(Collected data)

◆ ◆ ◆

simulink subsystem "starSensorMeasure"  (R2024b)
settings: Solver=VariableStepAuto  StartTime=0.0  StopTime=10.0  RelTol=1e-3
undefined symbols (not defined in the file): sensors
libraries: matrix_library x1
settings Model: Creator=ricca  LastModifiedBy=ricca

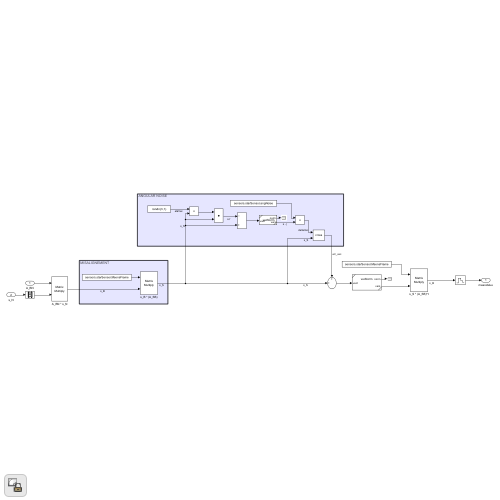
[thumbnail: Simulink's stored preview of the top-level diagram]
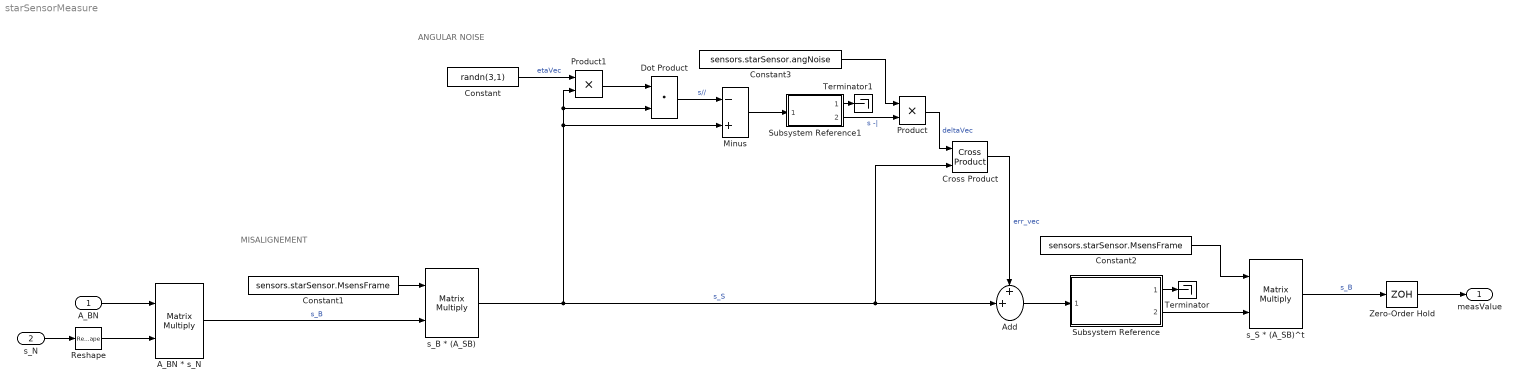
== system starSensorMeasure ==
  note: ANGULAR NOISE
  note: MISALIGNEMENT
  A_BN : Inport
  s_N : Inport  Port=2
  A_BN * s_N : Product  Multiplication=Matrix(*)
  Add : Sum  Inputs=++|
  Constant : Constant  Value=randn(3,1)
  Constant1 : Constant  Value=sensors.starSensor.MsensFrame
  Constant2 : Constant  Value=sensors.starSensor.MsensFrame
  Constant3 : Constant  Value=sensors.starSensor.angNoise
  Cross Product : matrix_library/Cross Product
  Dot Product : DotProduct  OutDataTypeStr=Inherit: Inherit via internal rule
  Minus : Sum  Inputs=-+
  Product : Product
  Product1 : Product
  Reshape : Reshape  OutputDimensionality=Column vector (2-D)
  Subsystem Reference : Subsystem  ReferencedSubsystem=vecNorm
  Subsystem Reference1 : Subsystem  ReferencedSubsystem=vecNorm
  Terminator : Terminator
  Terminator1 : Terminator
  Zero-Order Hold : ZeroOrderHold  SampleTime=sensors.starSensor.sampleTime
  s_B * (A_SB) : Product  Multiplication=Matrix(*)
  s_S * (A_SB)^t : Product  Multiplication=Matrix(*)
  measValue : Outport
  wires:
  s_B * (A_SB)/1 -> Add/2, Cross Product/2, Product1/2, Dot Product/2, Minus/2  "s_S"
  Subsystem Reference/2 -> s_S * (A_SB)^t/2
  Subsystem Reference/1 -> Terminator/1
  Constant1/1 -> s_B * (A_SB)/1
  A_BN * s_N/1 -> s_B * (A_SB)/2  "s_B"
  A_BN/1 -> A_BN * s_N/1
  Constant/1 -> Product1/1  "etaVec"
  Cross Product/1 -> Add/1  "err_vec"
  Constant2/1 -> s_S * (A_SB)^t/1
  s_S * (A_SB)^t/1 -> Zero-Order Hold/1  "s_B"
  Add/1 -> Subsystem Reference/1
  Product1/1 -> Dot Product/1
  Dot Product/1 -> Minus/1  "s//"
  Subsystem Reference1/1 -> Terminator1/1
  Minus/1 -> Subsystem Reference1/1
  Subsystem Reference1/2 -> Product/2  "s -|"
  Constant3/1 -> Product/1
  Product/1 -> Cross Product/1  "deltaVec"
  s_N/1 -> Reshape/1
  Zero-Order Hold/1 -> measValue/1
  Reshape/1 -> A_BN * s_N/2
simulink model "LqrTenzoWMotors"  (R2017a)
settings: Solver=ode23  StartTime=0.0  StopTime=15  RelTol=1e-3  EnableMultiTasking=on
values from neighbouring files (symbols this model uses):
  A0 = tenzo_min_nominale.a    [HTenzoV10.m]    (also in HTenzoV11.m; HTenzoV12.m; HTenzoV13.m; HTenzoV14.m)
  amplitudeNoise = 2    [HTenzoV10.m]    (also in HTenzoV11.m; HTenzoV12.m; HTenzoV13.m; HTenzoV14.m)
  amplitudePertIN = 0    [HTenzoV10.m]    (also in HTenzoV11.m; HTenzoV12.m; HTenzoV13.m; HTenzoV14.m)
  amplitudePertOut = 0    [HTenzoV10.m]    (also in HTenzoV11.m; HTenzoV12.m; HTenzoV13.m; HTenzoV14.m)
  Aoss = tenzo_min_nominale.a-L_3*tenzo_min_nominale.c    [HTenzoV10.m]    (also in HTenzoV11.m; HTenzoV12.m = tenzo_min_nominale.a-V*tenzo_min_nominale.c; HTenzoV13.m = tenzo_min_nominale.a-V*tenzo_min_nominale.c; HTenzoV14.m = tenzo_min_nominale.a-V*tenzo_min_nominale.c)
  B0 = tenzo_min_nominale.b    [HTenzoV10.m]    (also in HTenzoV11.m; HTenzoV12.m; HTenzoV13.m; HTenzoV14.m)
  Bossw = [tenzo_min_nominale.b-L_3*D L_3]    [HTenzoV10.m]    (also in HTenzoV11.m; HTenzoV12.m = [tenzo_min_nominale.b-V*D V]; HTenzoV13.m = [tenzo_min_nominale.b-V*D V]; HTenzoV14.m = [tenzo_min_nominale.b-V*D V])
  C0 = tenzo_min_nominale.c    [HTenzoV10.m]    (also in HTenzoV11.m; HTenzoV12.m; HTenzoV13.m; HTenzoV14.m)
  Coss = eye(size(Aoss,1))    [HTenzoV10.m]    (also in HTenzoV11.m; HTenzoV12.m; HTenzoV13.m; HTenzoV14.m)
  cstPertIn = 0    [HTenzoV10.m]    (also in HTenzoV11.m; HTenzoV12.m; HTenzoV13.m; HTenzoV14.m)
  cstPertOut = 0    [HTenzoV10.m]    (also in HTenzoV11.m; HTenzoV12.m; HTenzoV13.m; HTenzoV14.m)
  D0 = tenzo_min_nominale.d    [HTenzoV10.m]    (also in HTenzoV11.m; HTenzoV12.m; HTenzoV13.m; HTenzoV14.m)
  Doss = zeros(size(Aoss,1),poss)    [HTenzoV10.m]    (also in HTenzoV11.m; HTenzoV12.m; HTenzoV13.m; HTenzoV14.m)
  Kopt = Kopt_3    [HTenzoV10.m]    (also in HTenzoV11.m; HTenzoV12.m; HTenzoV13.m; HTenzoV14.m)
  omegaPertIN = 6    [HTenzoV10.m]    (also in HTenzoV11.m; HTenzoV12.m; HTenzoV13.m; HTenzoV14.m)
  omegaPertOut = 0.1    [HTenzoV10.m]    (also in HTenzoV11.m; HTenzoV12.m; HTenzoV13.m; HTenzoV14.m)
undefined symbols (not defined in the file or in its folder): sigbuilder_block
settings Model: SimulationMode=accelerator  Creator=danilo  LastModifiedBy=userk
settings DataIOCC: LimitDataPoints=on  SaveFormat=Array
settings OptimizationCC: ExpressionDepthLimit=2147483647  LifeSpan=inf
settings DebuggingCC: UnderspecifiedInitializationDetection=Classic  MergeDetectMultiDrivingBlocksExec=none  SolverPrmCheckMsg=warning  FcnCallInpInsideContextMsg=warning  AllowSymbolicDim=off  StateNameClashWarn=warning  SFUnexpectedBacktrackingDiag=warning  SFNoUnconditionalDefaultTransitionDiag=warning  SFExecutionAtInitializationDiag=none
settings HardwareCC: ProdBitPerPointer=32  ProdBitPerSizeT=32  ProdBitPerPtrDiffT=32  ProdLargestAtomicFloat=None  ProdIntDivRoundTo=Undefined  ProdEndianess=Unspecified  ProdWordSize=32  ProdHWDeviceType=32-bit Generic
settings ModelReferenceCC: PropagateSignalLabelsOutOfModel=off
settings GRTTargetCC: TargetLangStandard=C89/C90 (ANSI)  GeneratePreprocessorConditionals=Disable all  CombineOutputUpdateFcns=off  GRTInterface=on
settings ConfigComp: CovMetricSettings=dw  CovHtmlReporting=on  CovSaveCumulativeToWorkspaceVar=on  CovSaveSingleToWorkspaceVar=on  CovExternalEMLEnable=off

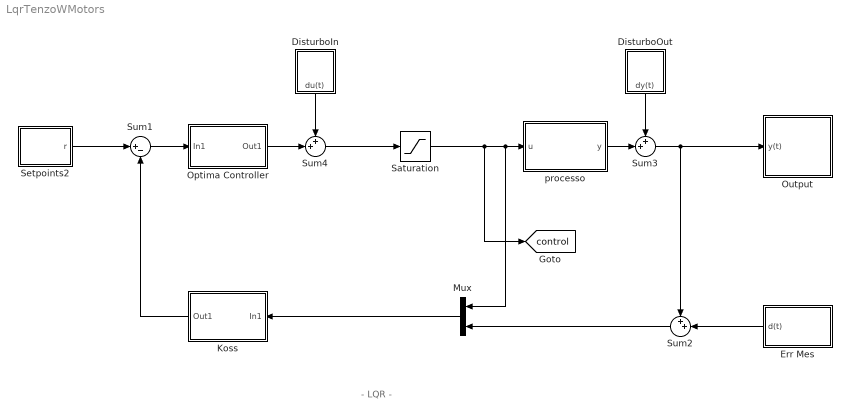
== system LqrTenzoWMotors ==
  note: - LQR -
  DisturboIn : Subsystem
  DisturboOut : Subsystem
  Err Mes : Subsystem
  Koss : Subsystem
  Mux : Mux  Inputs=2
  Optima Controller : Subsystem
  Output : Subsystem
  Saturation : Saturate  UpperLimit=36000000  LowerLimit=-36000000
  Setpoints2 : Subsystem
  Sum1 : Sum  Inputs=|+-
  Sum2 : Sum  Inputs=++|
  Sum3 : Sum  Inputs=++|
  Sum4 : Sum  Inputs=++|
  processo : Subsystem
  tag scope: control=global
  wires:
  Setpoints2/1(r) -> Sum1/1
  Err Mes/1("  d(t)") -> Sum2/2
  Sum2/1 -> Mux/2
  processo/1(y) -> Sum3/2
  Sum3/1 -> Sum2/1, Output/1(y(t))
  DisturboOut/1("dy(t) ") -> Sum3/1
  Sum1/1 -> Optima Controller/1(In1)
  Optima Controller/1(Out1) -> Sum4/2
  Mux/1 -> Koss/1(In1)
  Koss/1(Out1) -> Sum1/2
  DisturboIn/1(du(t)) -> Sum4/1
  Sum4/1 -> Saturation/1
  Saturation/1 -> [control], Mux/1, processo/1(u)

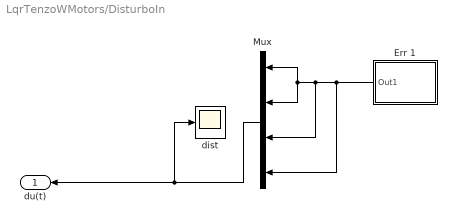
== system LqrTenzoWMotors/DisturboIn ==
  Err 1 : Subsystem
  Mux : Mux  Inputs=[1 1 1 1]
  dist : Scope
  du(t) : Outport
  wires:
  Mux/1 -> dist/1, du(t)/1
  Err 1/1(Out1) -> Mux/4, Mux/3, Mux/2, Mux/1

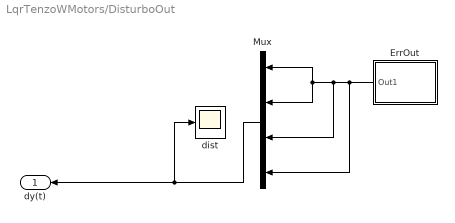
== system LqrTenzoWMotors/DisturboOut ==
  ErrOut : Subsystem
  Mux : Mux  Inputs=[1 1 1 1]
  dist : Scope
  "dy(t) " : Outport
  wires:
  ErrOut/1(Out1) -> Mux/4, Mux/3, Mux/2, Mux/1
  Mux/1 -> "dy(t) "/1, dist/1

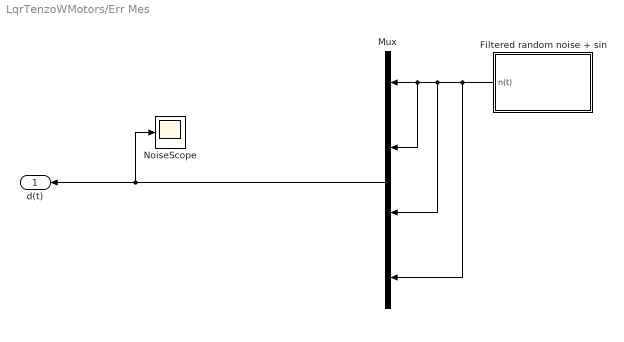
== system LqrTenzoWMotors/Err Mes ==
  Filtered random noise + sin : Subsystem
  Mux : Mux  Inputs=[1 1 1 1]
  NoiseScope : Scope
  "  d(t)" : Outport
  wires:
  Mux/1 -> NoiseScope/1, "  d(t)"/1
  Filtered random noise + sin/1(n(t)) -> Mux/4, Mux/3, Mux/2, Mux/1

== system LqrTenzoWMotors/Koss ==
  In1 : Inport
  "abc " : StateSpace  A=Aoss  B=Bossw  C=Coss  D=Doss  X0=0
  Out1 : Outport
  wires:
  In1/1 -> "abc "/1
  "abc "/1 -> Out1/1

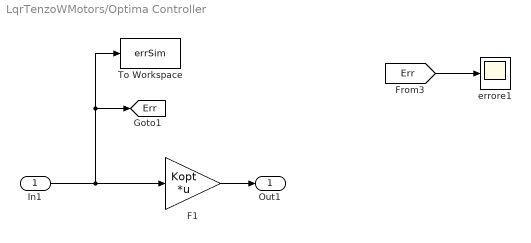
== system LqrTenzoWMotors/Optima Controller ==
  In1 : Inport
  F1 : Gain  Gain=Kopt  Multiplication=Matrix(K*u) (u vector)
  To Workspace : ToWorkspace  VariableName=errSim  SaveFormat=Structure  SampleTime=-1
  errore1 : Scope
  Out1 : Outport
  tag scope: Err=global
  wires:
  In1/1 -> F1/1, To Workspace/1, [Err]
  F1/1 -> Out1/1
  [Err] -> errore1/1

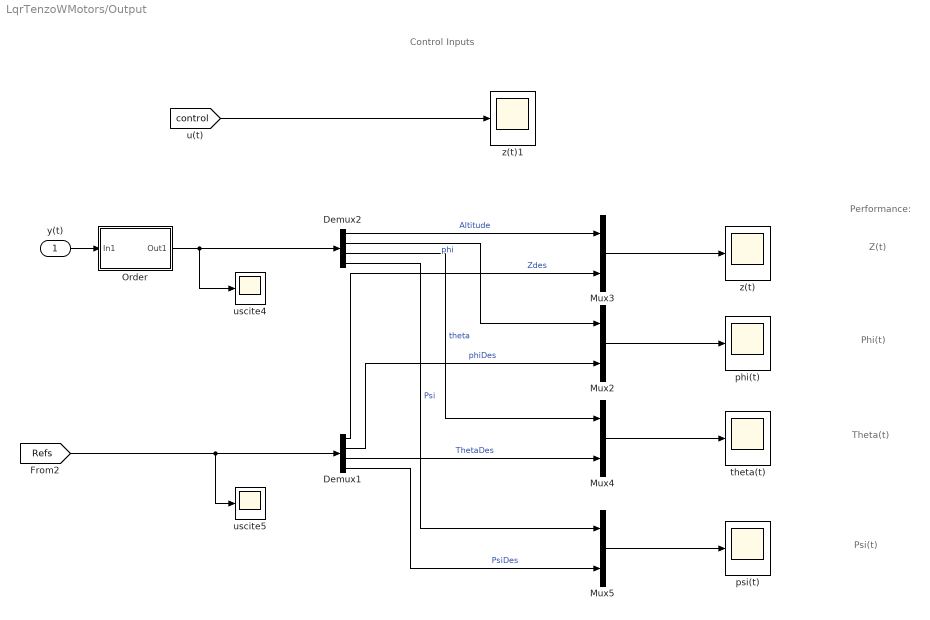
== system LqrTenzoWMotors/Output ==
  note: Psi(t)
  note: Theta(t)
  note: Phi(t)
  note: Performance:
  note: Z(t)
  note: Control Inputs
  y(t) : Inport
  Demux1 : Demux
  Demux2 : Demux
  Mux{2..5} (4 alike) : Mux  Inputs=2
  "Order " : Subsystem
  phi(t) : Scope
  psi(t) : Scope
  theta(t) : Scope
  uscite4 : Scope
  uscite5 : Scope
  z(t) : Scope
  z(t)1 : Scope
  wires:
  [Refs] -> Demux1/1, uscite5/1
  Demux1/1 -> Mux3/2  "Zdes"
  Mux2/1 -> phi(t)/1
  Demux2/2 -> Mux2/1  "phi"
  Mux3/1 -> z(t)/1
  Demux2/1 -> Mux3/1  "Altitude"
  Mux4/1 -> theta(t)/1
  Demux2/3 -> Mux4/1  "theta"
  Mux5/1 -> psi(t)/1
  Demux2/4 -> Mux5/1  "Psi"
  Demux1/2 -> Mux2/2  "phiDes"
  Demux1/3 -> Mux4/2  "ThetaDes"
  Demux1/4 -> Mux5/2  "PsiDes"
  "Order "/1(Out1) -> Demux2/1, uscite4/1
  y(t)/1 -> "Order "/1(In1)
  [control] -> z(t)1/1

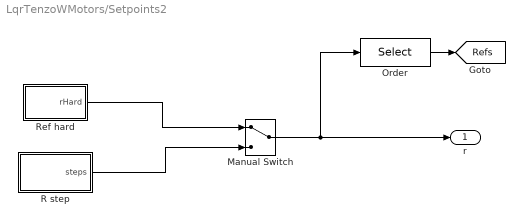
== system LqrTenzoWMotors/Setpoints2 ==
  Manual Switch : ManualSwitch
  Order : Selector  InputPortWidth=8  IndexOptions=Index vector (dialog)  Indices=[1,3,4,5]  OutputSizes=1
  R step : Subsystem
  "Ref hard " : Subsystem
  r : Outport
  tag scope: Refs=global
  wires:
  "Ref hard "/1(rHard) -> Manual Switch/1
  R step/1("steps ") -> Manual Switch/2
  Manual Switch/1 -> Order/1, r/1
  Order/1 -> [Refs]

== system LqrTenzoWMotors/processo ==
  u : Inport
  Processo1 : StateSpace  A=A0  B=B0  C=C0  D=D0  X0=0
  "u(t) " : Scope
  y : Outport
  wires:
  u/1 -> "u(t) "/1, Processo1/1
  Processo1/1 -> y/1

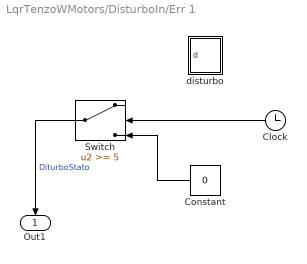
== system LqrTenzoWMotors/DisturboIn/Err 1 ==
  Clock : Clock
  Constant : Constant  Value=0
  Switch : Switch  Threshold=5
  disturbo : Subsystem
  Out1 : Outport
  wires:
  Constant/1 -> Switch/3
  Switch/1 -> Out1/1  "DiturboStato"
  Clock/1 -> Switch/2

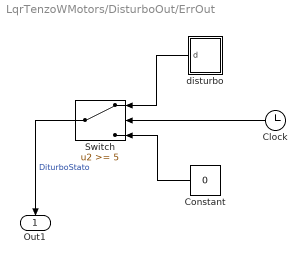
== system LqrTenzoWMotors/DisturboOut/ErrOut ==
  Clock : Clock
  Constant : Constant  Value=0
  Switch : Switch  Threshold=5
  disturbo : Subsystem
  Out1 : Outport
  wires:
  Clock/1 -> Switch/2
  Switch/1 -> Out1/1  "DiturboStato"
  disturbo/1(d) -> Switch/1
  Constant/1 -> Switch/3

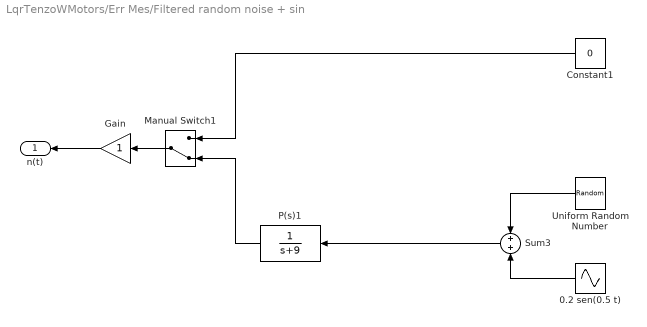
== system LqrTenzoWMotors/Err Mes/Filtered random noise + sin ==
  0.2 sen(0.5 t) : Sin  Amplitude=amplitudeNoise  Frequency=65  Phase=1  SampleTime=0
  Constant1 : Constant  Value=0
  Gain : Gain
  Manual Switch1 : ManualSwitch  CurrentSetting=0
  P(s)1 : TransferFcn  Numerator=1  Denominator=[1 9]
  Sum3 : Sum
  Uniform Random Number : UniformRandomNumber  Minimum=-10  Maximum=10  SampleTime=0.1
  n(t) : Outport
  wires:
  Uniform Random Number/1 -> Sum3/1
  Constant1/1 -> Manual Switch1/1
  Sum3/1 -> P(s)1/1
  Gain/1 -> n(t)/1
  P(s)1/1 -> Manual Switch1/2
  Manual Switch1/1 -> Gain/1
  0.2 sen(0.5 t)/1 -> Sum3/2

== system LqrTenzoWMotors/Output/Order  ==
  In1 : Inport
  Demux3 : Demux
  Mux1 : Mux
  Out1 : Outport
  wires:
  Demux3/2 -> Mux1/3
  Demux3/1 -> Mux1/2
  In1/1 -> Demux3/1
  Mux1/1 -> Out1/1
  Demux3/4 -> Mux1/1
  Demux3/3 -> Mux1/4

◆ ◆ ◆

*What to produce*
Copy only this from above: the line containing "Demux1 : Demux", the line containing "r : Outport", and all lines between, printed exactly. Leave out the pictures.

*Task output*
  Demux1 : Demux
  Demux2 : Demux
  Mux{2..5} (4 alike) : Mux  Inputs=2
  "Order " : Subsystem
  phi(t) : Scope
  psi(t) : Scope
  theta(t) : Scope
  uscite4 : Scope
  uscite5 : Scope
  z(t) : Scope
  z(t)1 : Scope
  wires:
  [Refs] -> Demux1/1, uscite5/1
  Demux1/1 -> Mux3/2  "Zdes"
  Mux2/1 -> phi(t)/1
  Demux2/2 -> Mux2/1  "phi"
  Mux3/1 -> z(t)/1
  Demux2/1 -> Mux3/1  "Altitude"
  Mux4/1 -> theta(t)/1
  Demux2/3 -> Mux4/1  "theta"
  Mux5/1 -> psi(t)/1
  Demux2/4 -> Mux5/1  "Psi"
  Demux1/2 -> Mux2/2  "phiDes"
  Demux1/3 -> Mux4/2  "ThetaDes"
  Demux1/4 -> Mux5/2  "PsiDes"
  "Order "/1(Out1) -> Demux2/1, uscite4/1
  y(t)/1 -> "Order "/1(In1)
  [control] -> z(t)1/1

== system LqrTenzoWMotors/Setpoints2 ==
  Manual Switch : ManualSwitch
  Order : Selector  InputPortWidth=8  IndexOptions=Index vector (dialog)  Indices=[1,3,4,5]  OutputSizes=1
  R step : Subsystem
  "Ref hard " : Subsystem
  r : Outport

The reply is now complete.